Das von Trjavnamen ist kompletter Nonsense.... `int` wird ja auch verwendet

@Trjavnamen : Code-Tags!


----------



## Xyz1 (24. Okt 2017)

JStein52 hat gesagt.:


> Aber habe mich verschrieben,


Bitte mit dem Zinsfuß q rechnen!


----------



## JStein52 (24. Okt 2017)

DerWissende hat gesagt.:


> Bitte mit dem Zinsfuß q rechnen!


Was ist der Zinsfuss ?


----------



## Trjavnamen (24. Okt 2017)

mit 7,5 Zinseszins ist erfahrungsgemäß nach 10 Jahren das Doppelte angespahrt.In der Umgekehrten Logik ist ein Kredit ohne Zinsabtragung  nach 10 Jahren doppelt so hoch. Banken rechnen vierteljährlich ab: Kredit + Zinsen für Kredit auf 3 Monate - gezahlte  Abschlagszahlung +Kontogebühren = neuer Kreditbetrag. Wird nachträglich die Abschlagssumme geändert kann es passieren das der rückzuzahlende Kredit erhöht wird(anfallende Zinsen schlucken die Rückzahlung und mehr) . Die letzte Weltwirtschaftskriese ist durch die Zinspolitik der Amerikanischen Banken ausgelöst worden. Anstatt 3.5% für Krediete verlangten sie einfach 7.5% was jedem Deutschen im Prinzip ebenfalls treffen kann mit max.10 Jahre Laufzeit festschreibung  auf Zinsfuß. Leute die heute 1% bezahlen und bei der Bank ohne Bauspahrvertrag arbeiten können in zehn Jahren einen so hohen Zinssatz bekommen das sie schlichtweg in Schulden versinken.


----------



## Trjavnamen (24. Okt 2017)

zinsfuß =zinssatz in % auf einen Zeitraum festgesetzt(meist 10 Jahre)


----------



## Xyz1 (25. Okt 2017)

JStein52 hat gesagt.:


> Was ist der Zinsfuss


Zinsen = 5 (%)
Zinsfuß = p = 5/100 = 0,05
Zinsfaktor = q = 1 + 5/100 = 1,05
Habe ich das jetzt aufgefasst. Mit dem Zinsfaktor ists angenehmer zu rechnen. Kann auch berechnet werden durch (100+5)/100.

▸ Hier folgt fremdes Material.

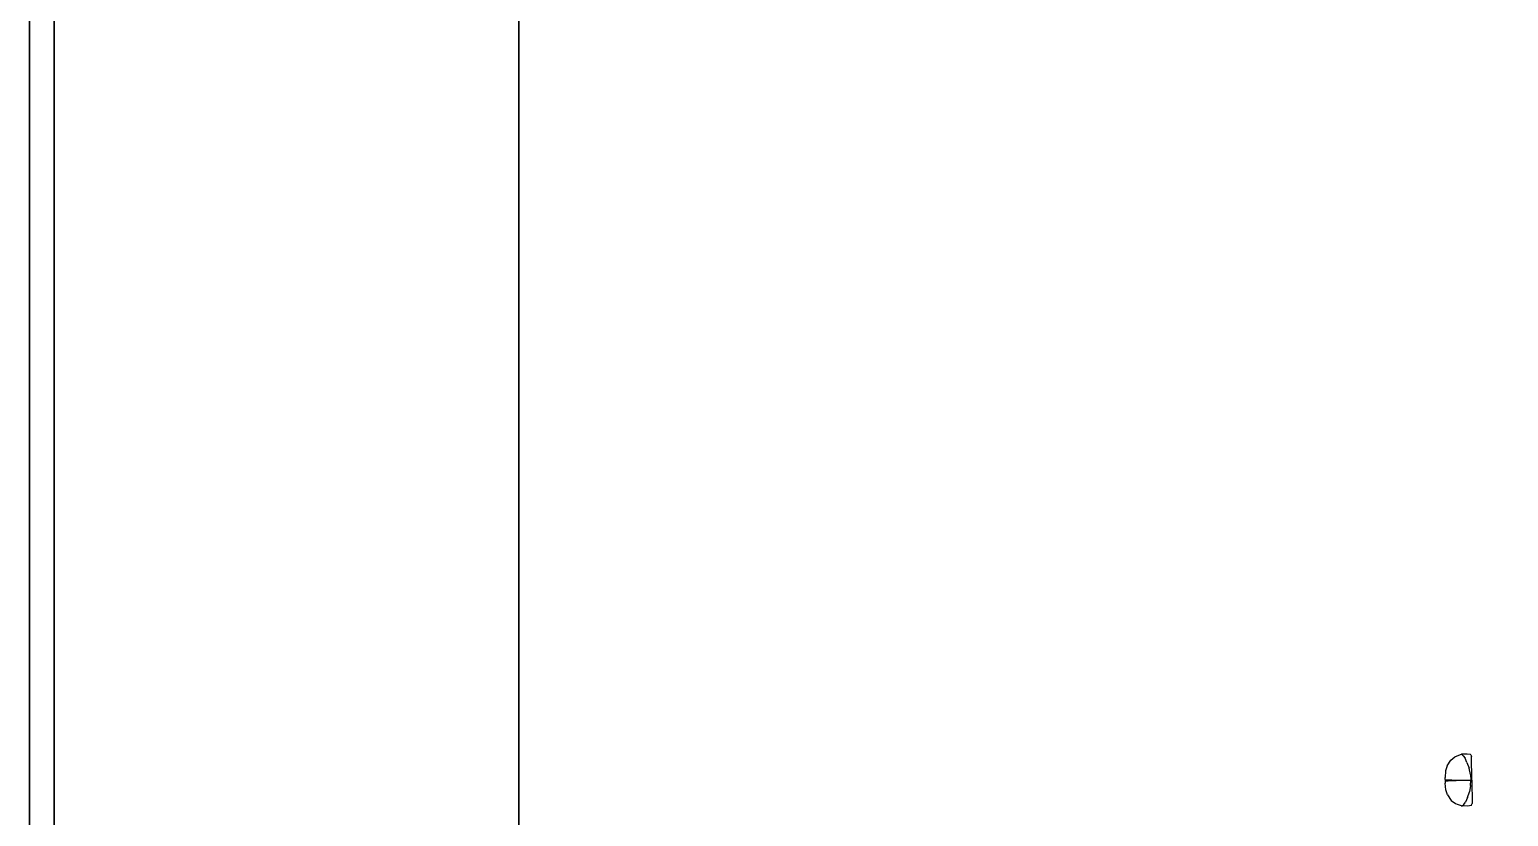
# Model space of a CAD drawing. Header units: inches. Extents: x -1841 to -80, y -100 to 1021.
# Drawn here: x -797.66 to -782.66, y 296.23 to 304.22 of the extents above; entities that cross this region are included whole.
import ezdxf

# ---------------------------------------------------------------- set-up
doc = ezdxf.new("R2010")
doc.units = ezdxf.units.IN
doc.header["$MEASUREMENT"] = 0
doc.layers.add('Edges', color=7, linetype='Continuous')
doc.layers.add('PDF_Geometry', color=7, linetype='Continuous', true_color=0x777777)

# ---------------------------------------------------------------- blocks, each defined once
blk = doc.blocks.new('Desktop Computer fr')
at = {"layer": 'Edges'}
for p, q in [((15.761, -8.778), (15.925, -8.725)), ((15.925, -8.725), (16.152, -8.708)), ((16.218, -8.708), (16.152, -8.708)), ((16.265, -8.708), (16.218, -8.708)), ((16.218, -8.708), (16.222, -8.733)), ((16.222, -8.733), (16.226, -8.809)), ((16.261, -8.733), (16.257, -8.809)), ((16.265, -8.708), (16.261, -8.733)), ((16.265, -8.708), (16.331, -8.708)), ((16.558, -8.725), (16.331, -8.708)), ((16.722, -8.778), (16.558, -8.725)), ((15.4, -9.23), (15.39, -9.262)), ((15.402, -9.225), (15.4, -9.23)), ((15.451, -9.1), (15.402, -9.225)), ((15.474, -9.042), (15.451, -9.1)), ((15.581, -8.904), (15.474, -9.042)), ((15.761, -8.778), (15.581, -8.904)), ((16.226, -8.809), (16.231, -8.932)), ((16.231, -8.932), (16.235, -9.072)), ((16.235, -9.072), (16.238, -9.219)), ((16.238, -9.219), (16.24, -9.385)), ((16.245, -9.219), (16.243, -9.385)), ((16.248, -9.072), (16.245, -9.219)), ((16.252, -8.932), (16.248, -9.072)), ((16.257, -8.809), (16.252, -8.932)), ((16.722, -8.778), (16.902, -8.904)), ((16.902, -8.904), (17.009, -9.042)), ((17.009, -9.042), (17.083, -9.23)), ((17.083, -9.23), (17.093, -9.262)), ((15.383, -9.45), (15.39, -9.262)), ((15.404, -9.559), (15.383, -9.45)), ((15.39, -9.262), (15.437, -9.314)), ((15.404, -9.559), (15.415, -9.566)), ((15.415, -9.565), (15.415, -9.566)), ((15.415, -9.566), (15.427, -9.571)), ((15.427, -9.571), (15.465, -9.591)), ((15.437, -9.314), (15.52, -9.373)), ((16.241, -9.591), (15.465, -9.591)), ((15.666, -9.435), (15.52, -9.373)), ((15.666, -9.435), (15.854, -9.504)), ((16.059, -9.542), (15.854, -9.504)), ((16.059, -9.542), (16.241, -9.552)), ((16.24, -9.385), (16.241, -9.431)), ((16.243, -9.385), (16.241, -9.431)), ((16.241, -9.431), (16.242, -9.432)), ((16.242, -9.432), (16.241, -9.514)), ((16.241, -9.514), (16.241, -9.552)), ((16.424, -9.542), (16.241, -9.552)), ((16.241, -9.552), (16.241, -9.591)), ((16.241, -9.591), (17.018, -9.591)), ((16.424, -9.542), (16.629, -9.504)), ((16.817, -9.435), (16.629, -9.504)), ((16.817, -9.435), (16.963, -9.373)), ((17.046, -9.314), (16.963, -9.373)), ((17.056, -9.571), (17.018, -9.591)), ((17.093, -9.262), (17.046, -9.314)), ((17.068, -9.566), (17.056, -9.571)), ((17.079, -9.559), (17.068, -9.566)), ((17.068, -9.565), (17.068, -9.566)), ((17.079, -9.559), (17.1, -9.45)), ((17.1, -9.45), (17.093, -9.262))]:
    blk.add_line(p, q, dxfattribs=at)

msp = doc.modelspace()

# ---------------------------------------------------------------- linework, layer by layer
at = {"layer": 'PDF_Geometry', "color": 7, "lineweight": 25}
msp.add_lwpolyline([(-770.196, 321.498), (-797.413, 321.498), (-797.661, 321.498), (-797.661, 321.415), (-797.661, 321.249), (-797.661, 282.037), (-797.413, 282.037), (-795.345, 282.037), (-796.586, 282.037), (-797.413, 282.037), (-792.698, 282.037), (-792.698, 316.617), (-749.019, 316.617), (-792.698, 316.617), (-792.698, 282.037), (-797.413, 282.037), (-797.413, 321.249), (-797.413, 282.037), (-797.661, 282.037), (-797.661, 321.498), (-749.019, 321.498), (-749.019, 327.867)], dxfattribs=at)

# ---------------------------------------------------------------- block references
at = {"color": 7, "lineweight": 25, "xscale": 0.3077821668246568, "yscale": 0.3077821668246568, "zscale": 0.3077821668246568, "rotation": 90.70697046951793}
msp.add_blockref('Desktop Computer fr', (-785.922, 291.569), dxfattribs=at)

doc.saveas('drawing.dxf')

@Trjavnamen , wahrscheinlich Quatsch. Der Zinssatz müsste 100(2^(1/10)-1)=7.1773462536293164213... betragen , damit sich nach 10 Jahren alles verdoppelt. Aber gern gelesen.


----------



## Meniskusschaden (25. Okt 2017)

DerWissende hat gesagt.:


> Zinsen = 5 (%)


Die 5% sind meines Erachtens nicht die Zinsen, sondern der Zinssatz.


DerWissende hat gesagt.:


> Zinsfuß = p = 5/100 = 0,05


Der Zinsfuß wäre dann p = 5% * 100 = 5.


----------



## JStein52 (25. Okt 2017)

DerWissende hat gesagt.:


> Der Zinssatz müsste 100(2^(1/10)-1)=7.1773462536293164213... betragen , damit sich nach 10 Jahren alles verdoppelt


exakt ! 


Trjavnamen hat gesagt.:


> mit 7,5 Zinseszins ist erfahrungsgemäß nach 10 Jahren das Doppelte angespahrt.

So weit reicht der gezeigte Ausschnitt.